If you want to keep living in an alternative reality, then another source is QubeTV which bills itself as the “conservative version of YouTube.” Again, I had not been aware that YouTube had been the spearhead of a secret liberal agenda, but this is apparently what some people believe.
Or there is Chatting with Charley, Charley being someone who tries to cherry-pick bits of science to support his contention that the Earth is less than 10,000 years old.
And there is the rise of creationist ‘museums’ (like the one in Petersburg, KY organized by the group Answers in Genesis) that seek to convince visitors that the information given in regular museums are wrong because they do not conform to the what is found on the Bible.

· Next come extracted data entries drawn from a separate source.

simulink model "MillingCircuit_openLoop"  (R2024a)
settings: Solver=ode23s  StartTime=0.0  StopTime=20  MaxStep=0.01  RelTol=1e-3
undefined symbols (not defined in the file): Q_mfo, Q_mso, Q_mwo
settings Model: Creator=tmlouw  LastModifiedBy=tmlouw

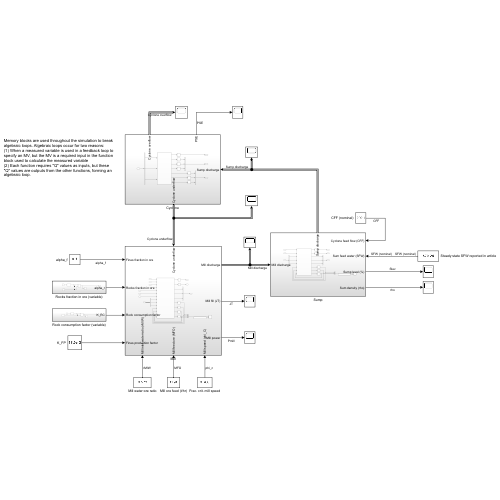
[thumbnail: Simulink's stored preview of the top-level diagram]
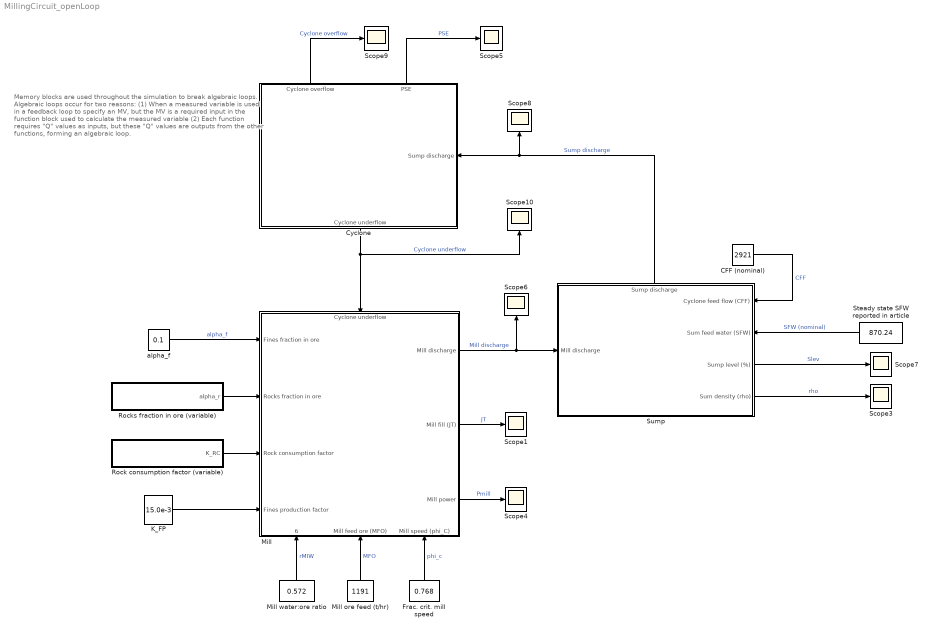
== system MillingCircuit_openLoop ==
  note: Memory blocks are used throughout the simulation to break algebraic loops. Algebraic loops occur for two reasons:
      | (1) When a measured variable is used in a feedback loop to specify an MV, but the MV is a required input in the function block used to calculate the measured variable
      | (2) Each function requires "Q" values as inputs, but these "Q" values are outputs from the other functions, forming an algebraic loop.
  CFF (nominal) : Constant  Value=2921
  Cyclone : Subsystem
      settings: PortSchema="{\"entries\":[{\"content\":{\"sides\":[{\"content\":{\"connectorIds\":[\"In1\"]},\"type\":\"ConnectorPlacement.EquallySpacedRectSide\",\"uuid\":\"e004a590-ab7d-4f12-a32b-87c0f3362931\"},{\"content\":{\"side\":\"RIGHT\"},\"type\":\"ConnectorPlacement.EquallySpacedRectSide\",\"uuid\":\"81f63357-3f4a-425b-a75c-7db5f55a4185\"},{\"content\":{\"connectorIds\":[\"Out2\",\"Out3\"],\"side\":\"TOP\"},\"type\":\"ConnectorPlacement.EquallySpacedRectSide\",\"uuid\":\"f49d5994-2e55-470a-b3f7-48bac8f55a82\"},{\"content\":{\"connectorIds\":[\"Out1\"],\"side\":\"BOTTOM\"},\"type\":\"ConnectorPlacement.EquallySpacedRectSide\",\"uuid\":\"f2576521-315b-4e2b-88a5-9b95980ef6dc\"}]},\"type\":\"ConnectorPlacement.EquallySpacedConnector\",\"uuid\":\"db23bcd0-405b-40f3-9326-1e4e7e72f851\"}],\"packageUris\":[\"http://schema.mathworks.com/mf0/Connector/R2020b\"],\"version\":\"1.0\"}"
  Frac. crit. mill speed : Constant  Value=0.768
  K_FP : Constant  Value=15.0e-3
  Mill : Subsystem
      settings: PortSchema="{\"entries\":[{\"content\":{\"sides\":[{\"content\":{\"connectorIds\":[\"In1\",\"In2\",\"In3\",\"In4\"]},\"type\":\"ConnectorPlacement.EquallySpacedRectSide\",\"uuid\":\"96805061-b1fe-4613-bdfe-c0403b68937d\"},{\"content\":{\"connectorIds\":[\"Out1\",\"Out2\",\"Out3\"],\"side\":\"RIGHT\"},\"type\":\"ConnectorPlacement.EquallySpacedRectSide\",\"uuid\":\"6c17841b-9594-4814-b3ce-f10677336251\"},{\"content\":{\"connectorIds\":[\"In5\"],\"side\":\"TOP\"},\"type\":\"ConnectorPlacement.EquallySpacedRectSide\",\"uuid\":\"6745fb07-3caa-4476-84a8-ded69789aedb\"},{\"content\":{\"connectorIds\":[\"In6\",\"In7\",\"In8\"],\"side\":\"BOTTOM\"},\"type\":\"ConnectorPlacement.EquallySpacedRectSide\",\"uuid\":\"985bb3c8-cd2a-4950-9ac1-ea614b478f36\"}]},\"type\":\"ConnectorPlacement.EquallySpacedConnector\",\"uuid\":\"041c7e0e-15c3-4fa4-bb53-6944ed039480\"}],\"packageUris\":[\"http://schema.mathworks.com/mf0/Connector/R2020b\"],\"version\":\"1.0\"}"
  Mill ore feed (t/hr) : Constant  Value=1191
  Mill water:ore ratio : Constant  Value=0.572
  Rock consumption factor (variable) : Subsystem
  Rocks fraction in ore (variable) : Subsystem
  Scope{1,3..10} (9 alike) : Scope
  Steady state SFW reported in article : Constant  Value=870.24
  Sump : Subsystem
      settings: PortSchema="{\"entries\":[{\"content\":{\"sides\":[{\"content\":{\"connectorIds\":[\"In1\"]},\"type\":\"ConnectorPlacement.EquallySpacedRectSide\",\"uuid\":\"4a068f6d-5fe1-4cb3-a916-3556d51fbafc\"},{\"content\":{\"connectorIds\":[\"In2\",\"In3\",\"Out1\",\"Out2\"],\"side\":\"RIGHT\"},\"type\":\"ConnectorPlacement.EquallySpacedRectSide\",\"uuid\":\"4fd936c1-8f9e-49fb-973c-89f6d774d731\"},{\"content\":{\"connectorIds\":[\"Out3\"],\"side\":\"TOP\"},\"type\":\"ConnectorPlacement.EquallySpacedRectSide\",\"uuid\":\"29d08788-fe4e-4f4a-9156-74b867964639\"}]},\"type\":\"ConnectorPlacement.EquallySpacedConnector\",\"uuid\":\"9bde5f39-013c-4aea-8ac6-be7cf98bab97\"}],\"packageUris\":[\"http://schema.mathworks.com/mf0/Connector/R2020b\"],\"version\":\"1.0\"}"
  alpha_f : Constant  Value=0.1
  wires:
  Cyclone/2(PSE) -> Scope5/1  "PSE"
  Sump/3(Sump discharge) -> Cyclone/1(Sump discharge), Scope8/1  "Sump discharge"
  Sump/2(Sum density (rho)) -> Scope3/1  "rho"
  Mill ore feed (t/hr)/1 -> Mill/7(Mill feed ore (MFO))  "MFO"
  Mill water:ore ratio/1 -> Mill/6(Mill inlet water ratio (rMIW))  "rMIW"
  Frac. crit. mill speed/1 -> Mill/8(Mill speed (phi_C))  "phi_c"
  Mill/3(Mill power) -> Scope4/1  "Pmill"
  Mill/2(Mill fill (JT)) -> Scope1/1  "JT"
  Mill/1(Mill discharge) -> Sump/1(Mill discharge), Scope6/1  "Mill discharge"
  Sump/1(Sump level (%)) -> Scope7/1  "Slev"
  CFF (nominal)/1 -> Sump/2(Cyclone feed flow (CFF))  "CFF"
  Steady state SFW reported in article/1 -> Sump/3(Sum feed water (SFW))  "SFW (nominal)"
  Cyclone/1(Cyclone underflow) -> Scope10/1, Mill/5(Cyclone underflow)  "Cyclone underflow"
  alpha_f/1 -> Mill/1(Fines fraction in ore)  "alpha_f"
  Cyclone/3(Cyclone overflow) -> Scope9/1  "Cyclone overflow"
  K_FP/1 -> Mill/4(Fines production factor)
  Rocks fraction in ore (variable)/1(alpha_r) -> Mill/2(Rocks fraction in ore)
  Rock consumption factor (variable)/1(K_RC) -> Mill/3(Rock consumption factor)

So what is behind this rise of alternative sites like these? I think the problem is that these religious fundamentalist people who want young people to continue to believe in these ideas like a young Earth and Noah’s ark are worried that exposure to popular sites like YouTube and Wikipedia will result in them having cognitive dissonances when they realize that normal people don’t believe any of the stuff that they believe. The story of the ark and Noah’s great flood is an event of major importance to creationists and forms the basis for their entire ‘science’. If young people find no references to it at all when they look up things in Wikipedia, one can see why they might start wondering why, and some may begin to question their beliefs.
So the creators of these sites are trying to create a whole ‘alternative reality’ that true believers need never leave and thus never have to confront reality. What is interesting about these kinds of religious ventures is that they take almost all of science for granted and then find one seemingly discrepant event (which can usually be explained but they ignore this) and then build an elaborate alternate reality on this slender reed.
It will be an interesting exercise to see how far they can take this. As science and other forms of knowledge expand, the alternate worlds will have to get more and more elaborate and contrived to counter the information generated by them. This has to be an unstable situation.
After all, as Stephen Colbert said, reality has a well-known liberal bias.
Heidi Cool says
Astounding.
But to use their logic, if Kangaroos had originated in the Middle East, there would surely be evidence of that in the fossil record, wouldn’t there? I suppose we’re supposed to blame the flood for washing all such evidence away. (Kangaroo bones scattered under the world’s oceans?)
It seems to me that it would be a greater testament of faith if children were exposed to the ideas of science and religion and still took the latter’s position in the end.
To instead “protect” young minds from scientific theory seems like the cheaters way of keeping them in the fold.
Conservatism sure has evolved into a rather incongruous set of ideas. Barry Goldwater would be dumbfounded.